**Activity:** Once the pictures are removed, restate the data below word for word.

*** Task data ***

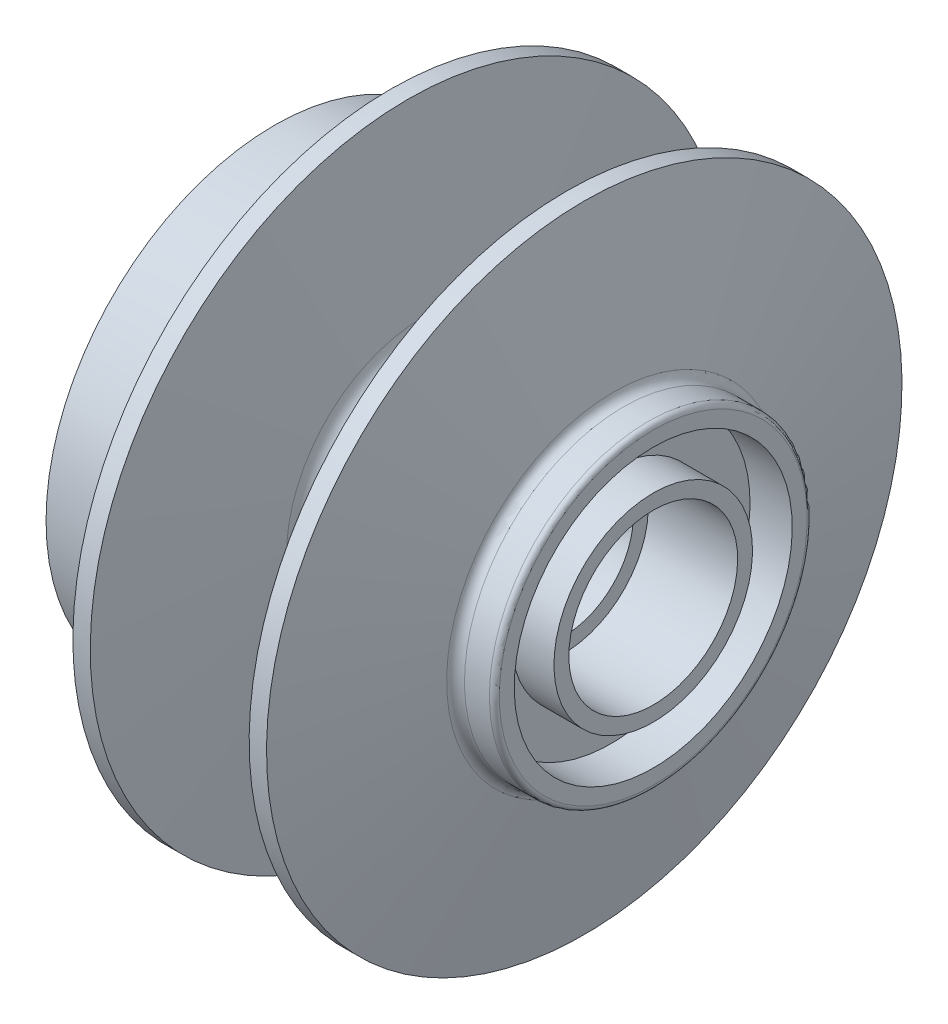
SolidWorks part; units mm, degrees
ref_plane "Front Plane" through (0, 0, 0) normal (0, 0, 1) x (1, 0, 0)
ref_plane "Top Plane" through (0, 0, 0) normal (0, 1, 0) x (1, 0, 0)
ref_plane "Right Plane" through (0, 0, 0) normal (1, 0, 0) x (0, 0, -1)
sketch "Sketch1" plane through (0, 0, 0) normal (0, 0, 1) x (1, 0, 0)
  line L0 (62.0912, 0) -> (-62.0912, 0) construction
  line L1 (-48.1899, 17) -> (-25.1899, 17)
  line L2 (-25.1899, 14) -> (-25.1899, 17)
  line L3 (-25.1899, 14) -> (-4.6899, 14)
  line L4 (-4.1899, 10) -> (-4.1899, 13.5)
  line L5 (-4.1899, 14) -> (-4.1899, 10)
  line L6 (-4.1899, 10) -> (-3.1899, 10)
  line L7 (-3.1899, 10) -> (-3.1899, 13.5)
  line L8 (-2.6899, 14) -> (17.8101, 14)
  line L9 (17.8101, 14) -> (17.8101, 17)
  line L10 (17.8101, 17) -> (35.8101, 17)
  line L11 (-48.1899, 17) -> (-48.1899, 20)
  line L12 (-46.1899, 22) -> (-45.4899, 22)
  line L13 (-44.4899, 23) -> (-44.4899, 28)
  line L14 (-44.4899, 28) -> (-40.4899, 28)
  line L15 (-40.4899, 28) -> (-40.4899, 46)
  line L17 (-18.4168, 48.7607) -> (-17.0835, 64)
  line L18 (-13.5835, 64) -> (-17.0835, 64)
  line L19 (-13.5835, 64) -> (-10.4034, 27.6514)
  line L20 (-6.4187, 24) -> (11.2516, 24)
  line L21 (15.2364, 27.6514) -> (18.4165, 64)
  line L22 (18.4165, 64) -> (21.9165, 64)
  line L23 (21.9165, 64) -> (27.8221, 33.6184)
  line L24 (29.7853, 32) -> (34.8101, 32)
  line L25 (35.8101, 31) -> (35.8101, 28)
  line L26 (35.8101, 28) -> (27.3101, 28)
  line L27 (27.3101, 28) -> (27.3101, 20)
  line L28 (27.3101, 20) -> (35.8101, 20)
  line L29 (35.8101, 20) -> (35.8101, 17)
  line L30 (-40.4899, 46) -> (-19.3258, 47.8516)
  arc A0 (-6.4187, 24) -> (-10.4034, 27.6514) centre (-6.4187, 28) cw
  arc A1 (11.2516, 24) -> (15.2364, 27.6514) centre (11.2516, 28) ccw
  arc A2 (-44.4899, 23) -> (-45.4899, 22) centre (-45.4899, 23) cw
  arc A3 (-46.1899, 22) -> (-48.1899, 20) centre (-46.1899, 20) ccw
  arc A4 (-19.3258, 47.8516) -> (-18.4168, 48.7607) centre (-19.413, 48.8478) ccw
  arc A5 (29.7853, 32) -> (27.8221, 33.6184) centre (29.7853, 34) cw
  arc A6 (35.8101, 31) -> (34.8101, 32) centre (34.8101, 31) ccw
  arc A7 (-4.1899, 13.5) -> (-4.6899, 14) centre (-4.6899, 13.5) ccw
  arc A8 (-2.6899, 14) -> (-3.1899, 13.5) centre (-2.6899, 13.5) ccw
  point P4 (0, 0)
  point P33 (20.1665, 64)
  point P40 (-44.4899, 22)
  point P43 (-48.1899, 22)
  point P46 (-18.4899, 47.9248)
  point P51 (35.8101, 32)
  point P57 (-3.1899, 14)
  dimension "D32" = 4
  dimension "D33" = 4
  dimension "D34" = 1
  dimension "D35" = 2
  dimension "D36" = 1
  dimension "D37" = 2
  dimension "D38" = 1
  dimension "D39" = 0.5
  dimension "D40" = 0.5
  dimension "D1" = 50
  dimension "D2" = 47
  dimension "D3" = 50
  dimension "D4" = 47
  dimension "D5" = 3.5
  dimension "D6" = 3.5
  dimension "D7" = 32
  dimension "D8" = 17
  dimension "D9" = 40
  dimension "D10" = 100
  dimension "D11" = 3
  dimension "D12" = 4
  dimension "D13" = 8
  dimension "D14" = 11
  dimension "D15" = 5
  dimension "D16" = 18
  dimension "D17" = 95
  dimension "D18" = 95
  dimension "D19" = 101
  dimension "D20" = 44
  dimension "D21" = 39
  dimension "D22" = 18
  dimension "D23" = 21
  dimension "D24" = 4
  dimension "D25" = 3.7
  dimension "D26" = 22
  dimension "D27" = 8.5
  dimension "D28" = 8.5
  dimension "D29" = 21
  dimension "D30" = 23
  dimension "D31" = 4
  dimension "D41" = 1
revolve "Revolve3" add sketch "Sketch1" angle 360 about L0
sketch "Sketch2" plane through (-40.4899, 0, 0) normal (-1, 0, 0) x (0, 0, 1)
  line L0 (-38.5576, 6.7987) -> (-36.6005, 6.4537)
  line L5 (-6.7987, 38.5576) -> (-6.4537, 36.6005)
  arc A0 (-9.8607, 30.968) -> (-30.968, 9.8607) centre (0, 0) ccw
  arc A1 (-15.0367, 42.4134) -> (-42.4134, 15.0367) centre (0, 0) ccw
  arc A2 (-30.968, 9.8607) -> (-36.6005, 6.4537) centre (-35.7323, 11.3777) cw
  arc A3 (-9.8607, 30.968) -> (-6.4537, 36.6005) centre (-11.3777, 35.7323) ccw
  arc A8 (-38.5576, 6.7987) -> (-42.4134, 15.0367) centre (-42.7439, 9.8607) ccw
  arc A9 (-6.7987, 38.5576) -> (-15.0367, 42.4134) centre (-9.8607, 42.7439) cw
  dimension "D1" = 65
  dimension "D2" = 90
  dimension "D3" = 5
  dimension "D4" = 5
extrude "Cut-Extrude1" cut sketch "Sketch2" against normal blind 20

*** End of Task data ***

**Response area:**
SolidWorks part; units mm, degrees
ref_plane "Front Plane" through (0, 0, 0) normal (0, 0, 1) x (1, 0, 0)
ref_plane "Top Plane" through (0, 0, 0) normal (0, 1, 0) x (1, 0, 0)
ref_plane "Right Plane" through (0, 0, 0) normal (1, 0, 0) x (0, 0, -1)
sketch "Sketch1" plane through (0, 0, 0) normal (0, 0, 1) x (1, 0, 0)
  line L0 (62.0912, 0) -> (-62.0912, 0) construction
  line L1 (-48.1899, 17) -> (-25.1899, 17)
  line L2 (-25.1899, 14) -> (-25.1899, 17)
  line L3 (-25.1899, 14) -> (-4.6899, 14)
  line L4 (-4.1899, 10) -> (-4.1899, 13.5)
  line L5 (-4.1899, 14) -> (-4.1899, 10)
  line L6 (-4.1899, 10) -> (-3.1899, 10)
  line L7 (-3.1899, 10) -> (-3.1899, 13.5)
  line L8 (-2.6899, 14) -> (17.8101, 14)
  line L9 (17.8101, 14) -> (17.8101, 17)
  line L10 (17.8101, 17) -> (35.8101, 17)
  line L11 (-48.1899, 17) -> (-48.1899, 20)
  line L12 (-46.1899, 22) -> (-45.4899, 22)
  line L13 (-44.4899, 23) -> (-44.4899, 28)
  line L14 (-44.4899, 28) -> (-40.4899, 28)
  line L15 (-40.4899, 28) -> (-40.4899, 46)
  line L17 (-18.4168, 48.7607) -> (-17.0835, 64)
  line L18 (-13.5835, 64) -> (-17.0835, 64)
  line L19 (-13.5835, 64) -> (-10.4034, 27.6514)
  line L20 (-6.4187, 24) -> (11.2516, 24)
  line L21 (15.2364, 27.6514) -> (18.4165, 64)
  line L22 (18.4165, 64) -> (21.9165, 64)
  line L23 (21.9165, 64) -> (27.8221, 33.6184)
  line L24 (29.7853, 32) -> (34.8101, 32)
  line L25 (35.8101, 31) -> (35.8101, 28)
  line L26 (35.8101, 28) -> (27.3101, 28)
  line L27 (27.3101, 28) -> (27.3101, 20)
  line L28 (27.3101, 20) -> (35.8101, 20)
  line L29 (35.8101, 20) -> (35.8101, 17)
  line L30 (-40.4899, 46) -> (-19.3258, 47.8516)
  arc A0 (-6.4187, 24) -> (-10.4034, 27.6514) centre (-6.4187, 28) cw
  arc A1 (11.2516, 24) -> (15.2364, 27.6514) centre (11.2516, 28) ccw
  arc A2 (-44.4899, 23) -> (-45.4899, 22) centre (-45.4899, 23) cw
  arc A3 (-46.1899, 22) -> (-48.1899, 20) centre (-46.1899, 20) ccw
  arc A4 (-19.3258, 47.8516) -> (-18.4168, 48.7607) centre (-19.413, 48.8478) ccw
  arc A5 (29.7853, 32) -> (27.8221, 33.6184) centre (29.7853, 34) cw
  arc A6 (35.8101, 31) -> (34.8101, 32) centre (34.8101, 31) ccw
  arc A7 (-4.1899, 13.5) -> (-4.6899, 14) centre (-4.6899, 13.5) ccw
  arc A8 (-2.6899, 14) -> (-3.1899, 13.5) centre (-2.6899, 13.5) ccw
  point P4 (0, 0)
  point P33 (20.1665, 64)
  point P40 (-44.4899, 22)
  point P43 (-48.1899, 22)
  point P46 (-18.4899, 47.9248)
  point P51 (35.8101, 32)
  point P57 (-3.1899, 14)
  dimension "D32" = 4
  dimension "D33" = 4
  dimension "D34" = 1
  dimension "D35" = 2
  dimension "D36" = 1
  dimension "D37" = 2
  dimension "D38" = 1
  dimension "D39" = 0.5
  dimension "D40" = 0.5
  dimension "D1" = 50
  dimension "D2" = 47
  dimension "D3" = 50
  dimension "D4" = 47
  dimension "D5" = 3.5
  dimension "D6" = 3.5
  dimension "D7" = 32
  dimension "D8" = 17
  dimension "D9" = 40
  dimension "D10" = 100
  dimension "D11" = 3
  dimension "D12" = 4
  dimension "D13" = 8
  dimension "D14" = 11
  dimension "D15" = 5
  dimension "D16" = 18
  dimension "D17" = 95
  dimension "D18" = 95
  dimension "D19" = 101
  dimension "D20" = 44
  dimension "D21" = 39
  dimension "D22" = 18
  dimension "D23" = 21
  dimension "D24" = 4
  dimension "D25" = 3.7
  dimension "D26" = 22
  dimension "D27" = 8.5
  dimension "D28" = 8.5
  dimension "D29" = 21
  dimension "D30" = 23
  dimension "D31" = 4
  dimension "D41" = 1
revolve "Revolve3" add sketch "Sketch1" angle 360 about L0
sketch "Sketch2" plane through (-40.4899, 0, 0) normal (-1, 0, 0) x (0, 0, 1)
  line L0 (-38.5576, 6.7987) -> (-36.6005, 6.4537)
  line L5 (-6.7987, 38.5576) -> (-6.4537, 36.6005)
  arc A0 (-9.8607, 30.968) -> (-30.968, 9.8607) centre (0, 0) ccw
  arc A1 (-15.0367, 42.4134) -> (-42.4134, 15.0367) centre (0, 0) ccw
  arc A2 (-30.968, 9.8607) -> (-36.6005, 6.4537) centre (-35.7323, 11.3777) cw
  arc A3 (-9.8607, 30.968) -> (-6.4537, 36.6005) centre (-11.3777, 35.7323) ccw
  arc A8 (-38.5576, 6.7987) -> (-42.4134, 15.0367) centre (-42.7439, 9.8607) ccw
  arc A9 (-6.7987, 38.5576) -> (-15.0367, 42.4134) centre (-9.8607, 42.7439) cw
  dimension "D1" = 65
  dimension "D2" = 90
  dimension "D3" = 5
  dimension "D4" = 5
extrude "Cut-Extrude1" cut sketch "Sketch2" against normal blind 20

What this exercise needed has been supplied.